- **Records from a data source**:
────────

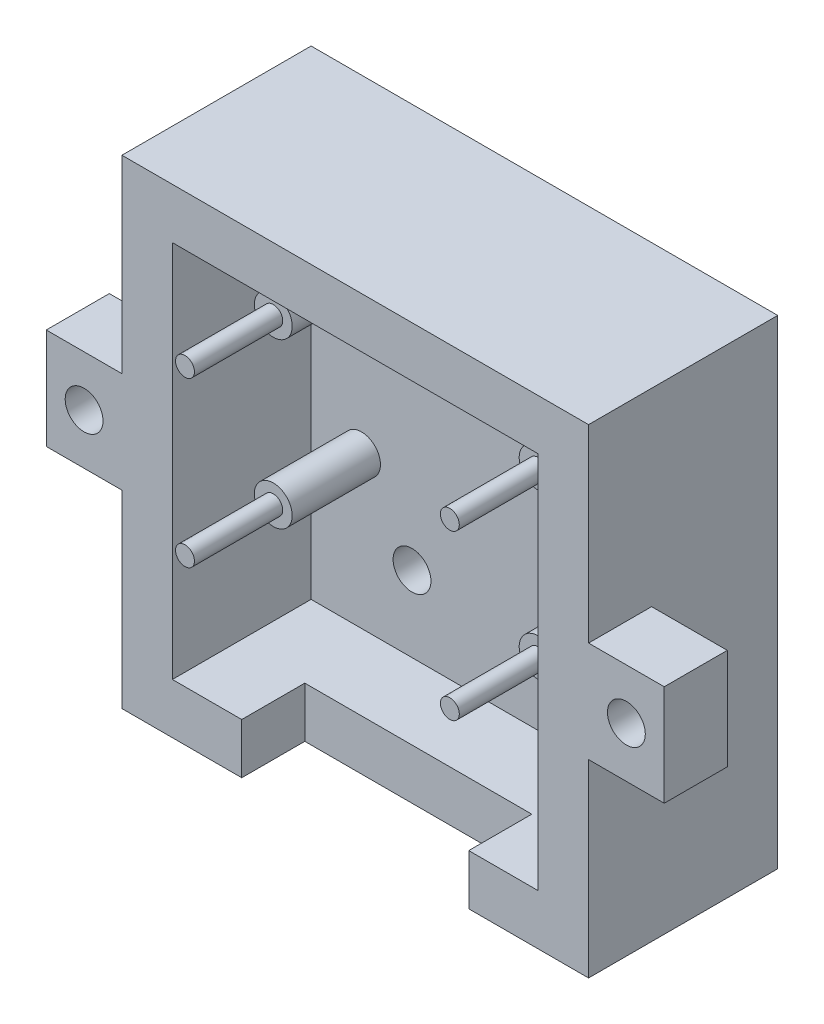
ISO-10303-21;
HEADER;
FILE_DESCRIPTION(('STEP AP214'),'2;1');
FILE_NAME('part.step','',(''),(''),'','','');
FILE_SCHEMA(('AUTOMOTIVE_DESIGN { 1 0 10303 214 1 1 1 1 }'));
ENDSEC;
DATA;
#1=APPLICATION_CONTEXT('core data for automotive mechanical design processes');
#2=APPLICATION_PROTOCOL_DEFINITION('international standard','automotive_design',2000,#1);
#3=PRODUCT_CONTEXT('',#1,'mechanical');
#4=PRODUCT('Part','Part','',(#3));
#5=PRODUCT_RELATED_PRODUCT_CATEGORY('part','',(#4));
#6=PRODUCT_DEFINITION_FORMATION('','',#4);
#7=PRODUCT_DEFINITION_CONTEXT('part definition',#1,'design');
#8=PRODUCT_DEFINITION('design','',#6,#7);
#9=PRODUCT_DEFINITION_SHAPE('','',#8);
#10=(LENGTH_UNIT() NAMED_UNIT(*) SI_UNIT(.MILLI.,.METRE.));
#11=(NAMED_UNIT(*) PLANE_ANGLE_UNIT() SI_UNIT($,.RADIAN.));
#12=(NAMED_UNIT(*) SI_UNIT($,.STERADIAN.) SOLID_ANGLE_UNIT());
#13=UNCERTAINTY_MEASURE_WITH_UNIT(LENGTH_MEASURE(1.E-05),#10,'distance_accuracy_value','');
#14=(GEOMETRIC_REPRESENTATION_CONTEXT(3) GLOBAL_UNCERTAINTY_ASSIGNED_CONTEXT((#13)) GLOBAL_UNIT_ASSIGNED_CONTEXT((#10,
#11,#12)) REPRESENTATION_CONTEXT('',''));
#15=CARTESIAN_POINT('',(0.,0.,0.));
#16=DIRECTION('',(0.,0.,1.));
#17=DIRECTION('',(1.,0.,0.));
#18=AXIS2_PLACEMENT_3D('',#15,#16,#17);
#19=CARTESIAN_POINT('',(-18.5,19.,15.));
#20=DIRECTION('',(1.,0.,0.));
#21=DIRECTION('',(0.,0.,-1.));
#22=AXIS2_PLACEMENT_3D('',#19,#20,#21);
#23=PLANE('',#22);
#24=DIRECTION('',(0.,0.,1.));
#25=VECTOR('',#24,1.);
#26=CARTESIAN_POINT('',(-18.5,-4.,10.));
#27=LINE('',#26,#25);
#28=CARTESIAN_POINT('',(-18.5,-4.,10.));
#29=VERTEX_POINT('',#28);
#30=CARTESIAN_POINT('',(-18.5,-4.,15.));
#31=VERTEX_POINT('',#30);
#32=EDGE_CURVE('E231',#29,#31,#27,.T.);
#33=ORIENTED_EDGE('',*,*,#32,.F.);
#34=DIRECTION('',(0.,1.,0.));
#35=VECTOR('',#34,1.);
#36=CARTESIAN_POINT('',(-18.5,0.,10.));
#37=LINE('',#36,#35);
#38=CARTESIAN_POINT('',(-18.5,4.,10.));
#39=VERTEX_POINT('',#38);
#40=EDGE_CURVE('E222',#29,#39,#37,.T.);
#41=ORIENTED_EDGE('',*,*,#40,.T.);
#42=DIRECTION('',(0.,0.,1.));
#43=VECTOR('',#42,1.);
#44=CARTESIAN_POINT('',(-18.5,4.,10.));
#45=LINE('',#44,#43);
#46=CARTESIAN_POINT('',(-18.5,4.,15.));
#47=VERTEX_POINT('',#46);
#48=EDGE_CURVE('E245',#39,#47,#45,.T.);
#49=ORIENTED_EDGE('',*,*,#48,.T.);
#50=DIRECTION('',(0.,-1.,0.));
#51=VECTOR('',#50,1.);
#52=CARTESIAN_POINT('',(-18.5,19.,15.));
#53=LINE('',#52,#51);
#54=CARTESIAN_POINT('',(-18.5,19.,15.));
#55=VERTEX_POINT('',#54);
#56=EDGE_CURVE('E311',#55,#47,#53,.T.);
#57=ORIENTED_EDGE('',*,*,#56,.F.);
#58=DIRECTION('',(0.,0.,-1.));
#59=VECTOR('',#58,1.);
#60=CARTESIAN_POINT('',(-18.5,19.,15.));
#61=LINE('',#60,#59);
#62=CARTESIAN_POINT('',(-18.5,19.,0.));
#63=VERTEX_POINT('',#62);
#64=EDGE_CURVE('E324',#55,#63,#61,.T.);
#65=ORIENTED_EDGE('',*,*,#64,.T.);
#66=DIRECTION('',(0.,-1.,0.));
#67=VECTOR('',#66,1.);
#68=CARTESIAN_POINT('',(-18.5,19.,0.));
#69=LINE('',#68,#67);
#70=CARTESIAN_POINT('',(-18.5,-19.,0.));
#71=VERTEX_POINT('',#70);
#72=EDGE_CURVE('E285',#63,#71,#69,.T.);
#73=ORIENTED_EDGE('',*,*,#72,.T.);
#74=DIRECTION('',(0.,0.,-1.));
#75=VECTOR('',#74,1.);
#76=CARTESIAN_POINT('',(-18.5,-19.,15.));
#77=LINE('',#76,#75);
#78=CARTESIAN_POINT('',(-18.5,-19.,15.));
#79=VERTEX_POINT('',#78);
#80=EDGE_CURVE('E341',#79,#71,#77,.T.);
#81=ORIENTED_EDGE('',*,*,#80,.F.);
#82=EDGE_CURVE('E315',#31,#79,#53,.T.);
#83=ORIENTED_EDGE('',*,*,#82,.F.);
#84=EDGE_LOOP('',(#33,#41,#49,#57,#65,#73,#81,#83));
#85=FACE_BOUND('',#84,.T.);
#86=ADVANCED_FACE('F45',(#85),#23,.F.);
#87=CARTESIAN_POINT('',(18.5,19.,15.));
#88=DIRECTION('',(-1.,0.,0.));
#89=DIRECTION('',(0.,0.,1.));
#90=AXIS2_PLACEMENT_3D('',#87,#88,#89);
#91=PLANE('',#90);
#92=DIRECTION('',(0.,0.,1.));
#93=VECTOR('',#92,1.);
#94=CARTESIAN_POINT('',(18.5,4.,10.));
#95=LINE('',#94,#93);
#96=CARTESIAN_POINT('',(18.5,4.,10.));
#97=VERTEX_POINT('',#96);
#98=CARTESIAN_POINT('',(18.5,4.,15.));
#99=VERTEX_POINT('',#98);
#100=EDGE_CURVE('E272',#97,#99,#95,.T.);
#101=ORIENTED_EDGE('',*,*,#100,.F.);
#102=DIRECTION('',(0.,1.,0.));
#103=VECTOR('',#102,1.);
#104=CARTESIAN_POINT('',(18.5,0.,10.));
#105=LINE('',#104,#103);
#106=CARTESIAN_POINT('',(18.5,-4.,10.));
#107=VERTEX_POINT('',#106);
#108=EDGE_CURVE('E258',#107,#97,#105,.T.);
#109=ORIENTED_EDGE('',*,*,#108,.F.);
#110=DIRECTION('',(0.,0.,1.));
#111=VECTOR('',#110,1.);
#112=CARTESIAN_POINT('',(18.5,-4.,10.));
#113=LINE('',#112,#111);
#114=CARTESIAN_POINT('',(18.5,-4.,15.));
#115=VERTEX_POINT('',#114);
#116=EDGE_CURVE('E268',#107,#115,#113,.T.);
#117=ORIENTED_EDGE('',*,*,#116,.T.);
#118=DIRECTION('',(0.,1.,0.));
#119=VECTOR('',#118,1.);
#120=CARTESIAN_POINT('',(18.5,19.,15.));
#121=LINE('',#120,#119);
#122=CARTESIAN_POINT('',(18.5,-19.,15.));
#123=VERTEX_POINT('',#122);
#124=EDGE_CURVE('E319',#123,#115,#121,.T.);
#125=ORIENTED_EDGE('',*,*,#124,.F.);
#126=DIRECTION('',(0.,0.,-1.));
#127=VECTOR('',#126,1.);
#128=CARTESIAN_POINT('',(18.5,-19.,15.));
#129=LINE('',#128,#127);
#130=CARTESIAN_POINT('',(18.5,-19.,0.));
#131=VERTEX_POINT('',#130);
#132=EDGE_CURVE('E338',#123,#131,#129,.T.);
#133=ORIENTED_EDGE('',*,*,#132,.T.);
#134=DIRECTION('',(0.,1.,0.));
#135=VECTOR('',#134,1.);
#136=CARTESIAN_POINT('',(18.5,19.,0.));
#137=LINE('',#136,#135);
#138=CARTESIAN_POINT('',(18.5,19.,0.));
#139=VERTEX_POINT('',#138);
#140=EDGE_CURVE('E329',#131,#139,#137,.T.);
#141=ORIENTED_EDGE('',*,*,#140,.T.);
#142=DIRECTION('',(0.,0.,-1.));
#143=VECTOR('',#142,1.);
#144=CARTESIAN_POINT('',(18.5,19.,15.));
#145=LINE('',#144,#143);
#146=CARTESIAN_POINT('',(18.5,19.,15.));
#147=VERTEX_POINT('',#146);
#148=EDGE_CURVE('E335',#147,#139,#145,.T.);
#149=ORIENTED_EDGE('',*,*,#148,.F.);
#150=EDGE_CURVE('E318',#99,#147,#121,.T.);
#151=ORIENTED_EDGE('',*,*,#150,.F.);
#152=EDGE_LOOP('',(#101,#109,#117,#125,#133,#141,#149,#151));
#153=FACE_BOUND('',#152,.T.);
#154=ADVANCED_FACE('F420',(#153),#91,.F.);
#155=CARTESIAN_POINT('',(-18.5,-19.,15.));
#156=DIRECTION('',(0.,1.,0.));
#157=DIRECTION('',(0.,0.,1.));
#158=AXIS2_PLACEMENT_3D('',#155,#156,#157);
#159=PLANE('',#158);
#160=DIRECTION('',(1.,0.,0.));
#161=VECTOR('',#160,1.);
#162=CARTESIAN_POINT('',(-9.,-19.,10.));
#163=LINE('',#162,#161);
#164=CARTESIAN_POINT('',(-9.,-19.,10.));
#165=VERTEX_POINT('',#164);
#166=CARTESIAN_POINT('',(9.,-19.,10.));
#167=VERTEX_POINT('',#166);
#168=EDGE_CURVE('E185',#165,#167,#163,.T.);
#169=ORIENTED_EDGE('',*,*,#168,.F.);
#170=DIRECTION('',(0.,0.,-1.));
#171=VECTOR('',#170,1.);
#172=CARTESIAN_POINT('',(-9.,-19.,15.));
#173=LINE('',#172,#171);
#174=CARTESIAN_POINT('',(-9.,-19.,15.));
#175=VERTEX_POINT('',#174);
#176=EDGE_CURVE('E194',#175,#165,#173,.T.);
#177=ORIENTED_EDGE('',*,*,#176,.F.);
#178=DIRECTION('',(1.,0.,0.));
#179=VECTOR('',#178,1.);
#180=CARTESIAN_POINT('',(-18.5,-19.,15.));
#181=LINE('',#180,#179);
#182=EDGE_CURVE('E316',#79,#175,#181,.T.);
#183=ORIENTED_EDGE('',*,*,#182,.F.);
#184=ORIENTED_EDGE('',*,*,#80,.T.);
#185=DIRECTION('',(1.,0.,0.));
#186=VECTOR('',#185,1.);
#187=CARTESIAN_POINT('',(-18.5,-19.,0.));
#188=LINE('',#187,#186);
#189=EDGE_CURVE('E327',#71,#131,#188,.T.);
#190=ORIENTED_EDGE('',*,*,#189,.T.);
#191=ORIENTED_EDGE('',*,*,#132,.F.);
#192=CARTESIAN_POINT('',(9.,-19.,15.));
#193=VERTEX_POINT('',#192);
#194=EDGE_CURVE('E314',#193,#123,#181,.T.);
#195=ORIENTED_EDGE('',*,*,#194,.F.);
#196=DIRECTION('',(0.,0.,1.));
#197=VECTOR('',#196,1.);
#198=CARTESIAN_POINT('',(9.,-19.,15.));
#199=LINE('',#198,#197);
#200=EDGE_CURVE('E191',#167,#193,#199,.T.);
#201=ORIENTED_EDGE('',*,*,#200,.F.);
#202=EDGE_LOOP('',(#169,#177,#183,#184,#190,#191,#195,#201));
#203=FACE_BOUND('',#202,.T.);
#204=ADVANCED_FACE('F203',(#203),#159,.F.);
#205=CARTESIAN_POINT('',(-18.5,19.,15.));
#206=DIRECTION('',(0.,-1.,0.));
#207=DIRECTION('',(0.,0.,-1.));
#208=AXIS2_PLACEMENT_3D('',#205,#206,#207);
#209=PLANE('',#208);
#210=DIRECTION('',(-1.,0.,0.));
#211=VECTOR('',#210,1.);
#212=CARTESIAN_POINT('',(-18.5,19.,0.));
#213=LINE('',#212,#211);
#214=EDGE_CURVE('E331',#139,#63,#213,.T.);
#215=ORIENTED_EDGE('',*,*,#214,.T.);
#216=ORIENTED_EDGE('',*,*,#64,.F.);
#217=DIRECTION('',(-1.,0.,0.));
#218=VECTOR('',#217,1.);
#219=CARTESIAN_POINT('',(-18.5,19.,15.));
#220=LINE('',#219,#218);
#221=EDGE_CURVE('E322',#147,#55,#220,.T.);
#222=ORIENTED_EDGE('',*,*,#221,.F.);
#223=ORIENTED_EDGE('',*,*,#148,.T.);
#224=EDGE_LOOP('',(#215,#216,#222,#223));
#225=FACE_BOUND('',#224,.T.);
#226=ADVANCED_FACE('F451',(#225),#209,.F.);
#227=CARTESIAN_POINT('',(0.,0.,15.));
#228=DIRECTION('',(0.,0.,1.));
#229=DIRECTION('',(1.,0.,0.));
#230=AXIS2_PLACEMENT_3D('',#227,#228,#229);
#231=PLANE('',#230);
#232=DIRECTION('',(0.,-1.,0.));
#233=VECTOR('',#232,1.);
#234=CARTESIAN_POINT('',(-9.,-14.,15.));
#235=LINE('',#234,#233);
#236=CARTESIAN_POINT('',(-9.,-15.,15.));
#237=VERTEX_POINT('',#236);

────────

- **REQUIREMENT**: After locating the line holding "#29=VERTEX_POINT('',#28);" above, output exactly that line and every line after it through the line holding "#38=CARTESIAN_POINT('',(-18.5,4.,10.));". Include nothing else.

- **SOLVED PROBLEM**:
#29=VERTEX_POINT('',#28);
#30=CARTESIAN_POINT('',(-18.5,-4.,15.));
#31=VERTEX_POINT('',#30);
#32=EDGE_CURVE('E231',#29,#31,#27,.T.);
#33=ORIENTED_EDGE('',*,*,#32,.F.);
#34=DIRECTION('',(0.,1.,0.));
#35=VECTOR('',#34,1.);
#36=CARTESIAN_POINT('',(-18.5,0.,10.));
#37=LINE('',#36,#35);
#38=CARTESIAN_POINT('',(-18.5,4.,10.));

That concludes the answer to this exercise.